We recently interacted with Exide’s management; the key message was the increased focus on profitability. After clocking 4% CAGR in three years, going forward, Exide expects top line growth to accelerate to double digits.
We recently interacted with Exide’s management; the key message was the increased focus on profitability. After clocking 4% CAGR in three years, going forward, Exide expects top line growth to accelerate to double digits. While it has grown slower than Amara Raja, it has maintained share in the overall replacement segment, driven by gains from the unorganised sector. Other growth driver will be industrial segment (ex-invertor), with solar being a particularly high growth area.
Margins have surprised positively of late — the benefit of lower lead and cost reduction efforts — and are also less volatile with the decline in invertor share over time (fluctuates more). While near-term ROEs will stay impacted on higher capex intensity with technology upgrade, it will also lead to 100-200 bp margin gain.

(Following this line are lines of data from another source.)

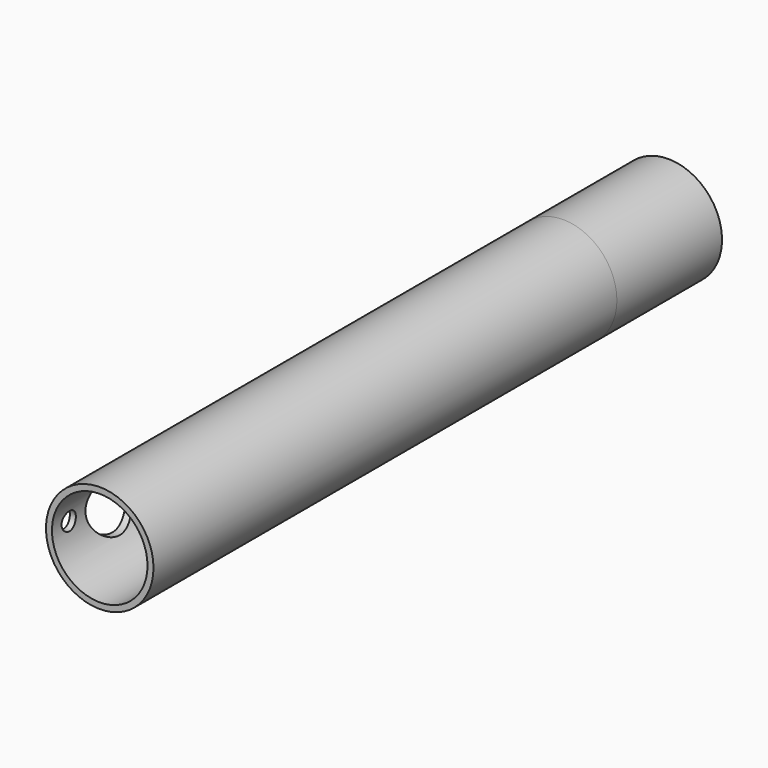
from build123d import *

# Parameters (mm, degrees)
F3_R      = 4.5
F4_DEPTH  = 39.5
F8_DEPTH  = 39.5
F6_R      = 4.5
F6_R_2    = 4
F9_DEPTH  = 9
F7_R      = 4.5
F7_R_2    = 4
F10_DEPTH = 11
F11_R     = 2.5
F11_R_2   = 0.75
F12_DEPTH = 4.501


# Not quite as in the source:
# - ends of sketch curves that miss each other by under 0.0002 mm in the source are joined


with BuildPart() as f4:
    # F3 (on Front) → F4 (new body)
    with BuildSketch(Plane.XZ):
        Circle(F3_R)
    extrude(amount=F4_DEPTH)

    # F5 (on face) → F8 (cut, through all)
    with BuildSketch(Plane.XZ.offset(39.5)):
        with BuildLine():
            Line((-1.25, -3.8), (0, -3.8))
            Line((0, -3.8), (1.25, -3.8))
            Line((1.25, -3.8), (1.25, -3.7))
            ThreePointArc((1.25, -3.7), (1.3085786438, -3.5585786438), (1.45, -3.5))
            Line((1.45, -3.5), (2, -3.5))
            Line((2, -3.5), (2, -3.05))
            ThreePointArc((2, -3.05), (2.0585786438, -2.9085786438), (2.2, -2.85))
            Line((2.2, -2.85), (3.15, -2.85))
            Line((3.15, -2.85), (3.15, -2.15))
            Line((3.15, -2.15), (2.2, -2.15))
            ThreePointArc((2.2, -2.15), (2.0585786438, -2.0914213562), (2, -1.95))
            Line((2, -1.95), (2, -1.887459))
            ThreePointArc((2, -1.887459), (2.1033535752, -1.771554046), (2.2, -1.65))
            Line((2.2, -1.65), (3.75, -1.65))
            Line((3.75, -1.65), (3.75, 0))
            Line((3.75, 0), (3.75, 1.65))
            Line((3.75, 1.65), (2.2, 1.65))
            ThreePointArc((2.2, 1.65), (2.1033535752, 1.771554046), (1.9999998047, 1.8874588157))
            Line((1.9999998047, 1.8874588157), (2, 1.95))
            ThreePointArc((2, 1.95), (2.0585786438, 2.0914213562), (2.2, 2.15))
            Line((2.2, 2.15), (3.15, 2.15))
            Line((3.15, 2.15), (3.15, 2.85))
            Line((3.15, 2.85), (2.2, 2.85))
            ThreePointArc((2.2, 2.85), (2.0585786438, 2.9085786438), (2, 3.05))
            Line((2, 3.05), (2, 3.5))
            Line((2, 3.5), (1.45, 3.5))
            ThreePointArc((1.45, 3.5), (1.3085786438, 3.5585786438), (1.25, 3.7))
            Line((1.25, 3.7), (1.25, 3.8))
            Line((1.25, 3.8), (0, 3.8))
            Line((0, 3.8), (-1.25, 3.8))
            Line((-1.25, 3.8), (-1.25, 3.7))
            ThreePointArc((-1.25, 3.7), (-1.3085786438, 3.5585786438), (-1.45, 3.5))
            Line((-1.45, 3.5), (-2, 3.5))
            Line((-2, 3.5), (-2, 3.05))
            ThreePointArc((-2, 3.05), (-2.0585786438, 2.9085786438), (-2.2, 2.85))
            Line((-2.2, 2.85), (-3.15, 2.85))
            Line((-3.15, 2.85), (-3.15, 2.15))
            Line((-3.15, 2.15), (-2.2, 2.15))
            ThreePointArc((-2.2, 2.15), (-2.0585786438, 2.0914213562), (-2, 1.95))
            Line((-2, 1.95), (-2, 1.887459))
            ThreePointArc((-2, 1.887459), (-2.1033535752, 1.771554046), (-2.2, 1.65))
            Line((-2.2, 1.65), (-3.75, 1.65))
            Line((-3.75, 1.65), (-3.75, 0))
            Line((-3.75, 0), (-3.75, -1.65))
            Line((-3.75, -1.65), (-2.2, -1.65))
            ThreePointArc((-2.2, -1.65), (-2.1033535752, -1.771554046), (-1.9999998047, -1.8874588157))
            Line((-1.9999998047, -1.8874588157), (-2, -1.95))
            ThreePointArc((-2, -1.95), (-2.0585786438, -2.0914213562), (-2.2, -2.15))
            Line((-2.2, -2.15), (-3.15, -2.15))
            Line((-3.15, -2.15), (-3.15, -2.85))
            Line((-3.15, -2.85), (-2.2, -2.85))
            ThreePointArc((-2.2, -2.85), (-2.0585786438, -2.9085786438), (-2, -3.05))
            Line((-2, -3.05), (-2, -3.5))
            Line((-2, -3.5), (-1.45, -3.5))
            ThreePointArc((-1.45, -3.5), (-1.3085786438, -3.5585786438), (-1.25, -3.7))
            Line((-1.25, -3.7), (-1.25, -3.8))
        make_face()
    extrude(amount=-F8_DEPTH, mode=Mode.SUBTRACT)

    # F6 (on face) → F9 (join)
    with BuildSketch(Plane.XZ.offset(39.5)):
        Circle(F6_R)
        Circle(F6_R_2, mode=Mode.SUBTRACT)
    extrude(amount=F9_DEPTH)

    # F7 (on face) → F10 (join)
    with BuildSketch(Plane(origin=(0, 0, 0), x_dir=(-1, 0, 0), z_dir=(0, 1, 0))):
        Circle(F7_R)
        Circle(F7_R_2, mode=Mode.SUBTRACT)
    extrude(amount=F10_DEPTH)

    # F11 (on Right) → F12 (cut, through all)
    with BuildSketch(Plane.YZ):
        with Locations((-42.5, 0)):
            Circle(F11_R)
        with Locations((-46.75, 0)):
            Circle(F11_R_2)
    extrude(amount=-F12_DEPTH, mode=Mode.SUBTRACT)


solid = f4.part
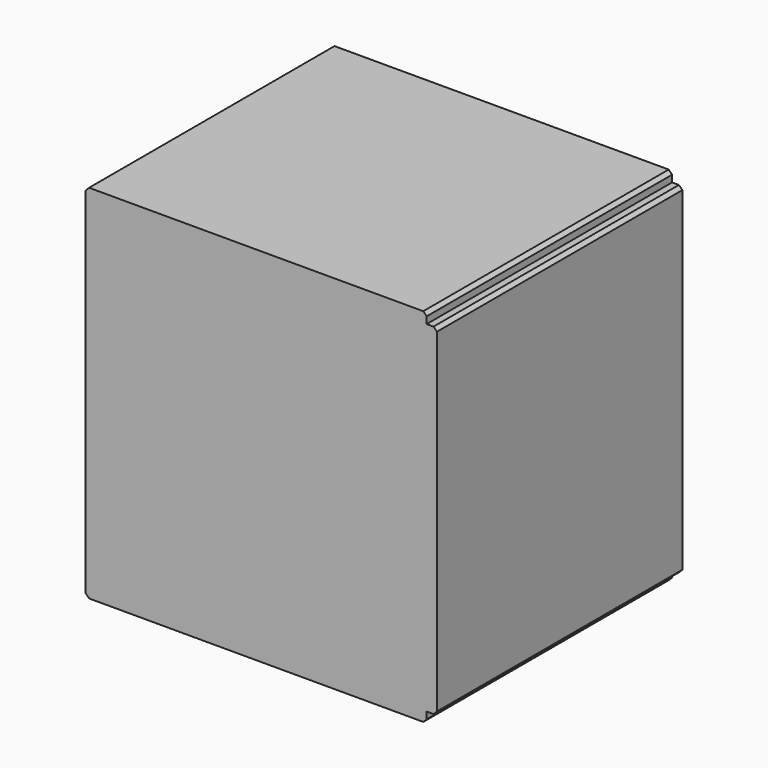
from build123d import *

# Parameters (mm, degrees)
F1_DEPTH = 26.98
F3_DEPTH = 26.98


# Not quite as in the source:
# - ends of sketch curves that miss each other by under 0.0002 mm in the source are joined


with BuildPart() as f1:
    # F0 (on Front) → F1 (new body)
    with BuildSketch(Plane.XZ):
        Polygon((0, 31.2), (0, 0), (29.991, 0), (29.991, 0.6005), (30.5914, 0.6005), (30.5914, 30.5996), (29.991, 30.5996), (29.991, 31.2), align=None)
    extrude(amount=F1_DEPTH)

    # F2 (on face) → F3 (join, through all)
    with BuildSketch(Plane.XZ.offset(26.98)):
        Polygon((0.3, 31.5), (0, 31.2), (29.991, 31.2), (29.691, 31.5), align=None)
        Polygon((30.8914, 30.2996), (30.5914, 30.5996), (30.5914, 0.6005), (30.8914480512, 0.9005009807), align=None)
        Polygon((29.991, 0), (0, 0), (0.3000519754, -0.2999990192), (29.6910519752, -0.2999029432), align=None)
    extrude(amount=-F3_DEPTH)


solid = f1.part

We recently upgraded Exide as a low downside stock with some signs of execution improvement after multiple years of underperformance. Valuations are attractive (12x core FY18 EPS for a duopoly industry and low expectations) at a 40% discount to Amara Raja; insurance stake sale can lead to value unlocking. Exide’s’ revenue growth continues to lag Amara Raja’s (in the core replacement — Exide’s y-t-d growth has been 9% vs mid-teens growth clocked by Amara Raja). As per management, there has been no share loss though, as industry growth has been in only the 6-8% range. There has been a continued shift from the unorganised sector (relevant for CVs, 3Ws and tractors) resulting in share gains for both Exide and Amara Raja; this trend will further accelerate once GST gets implemented.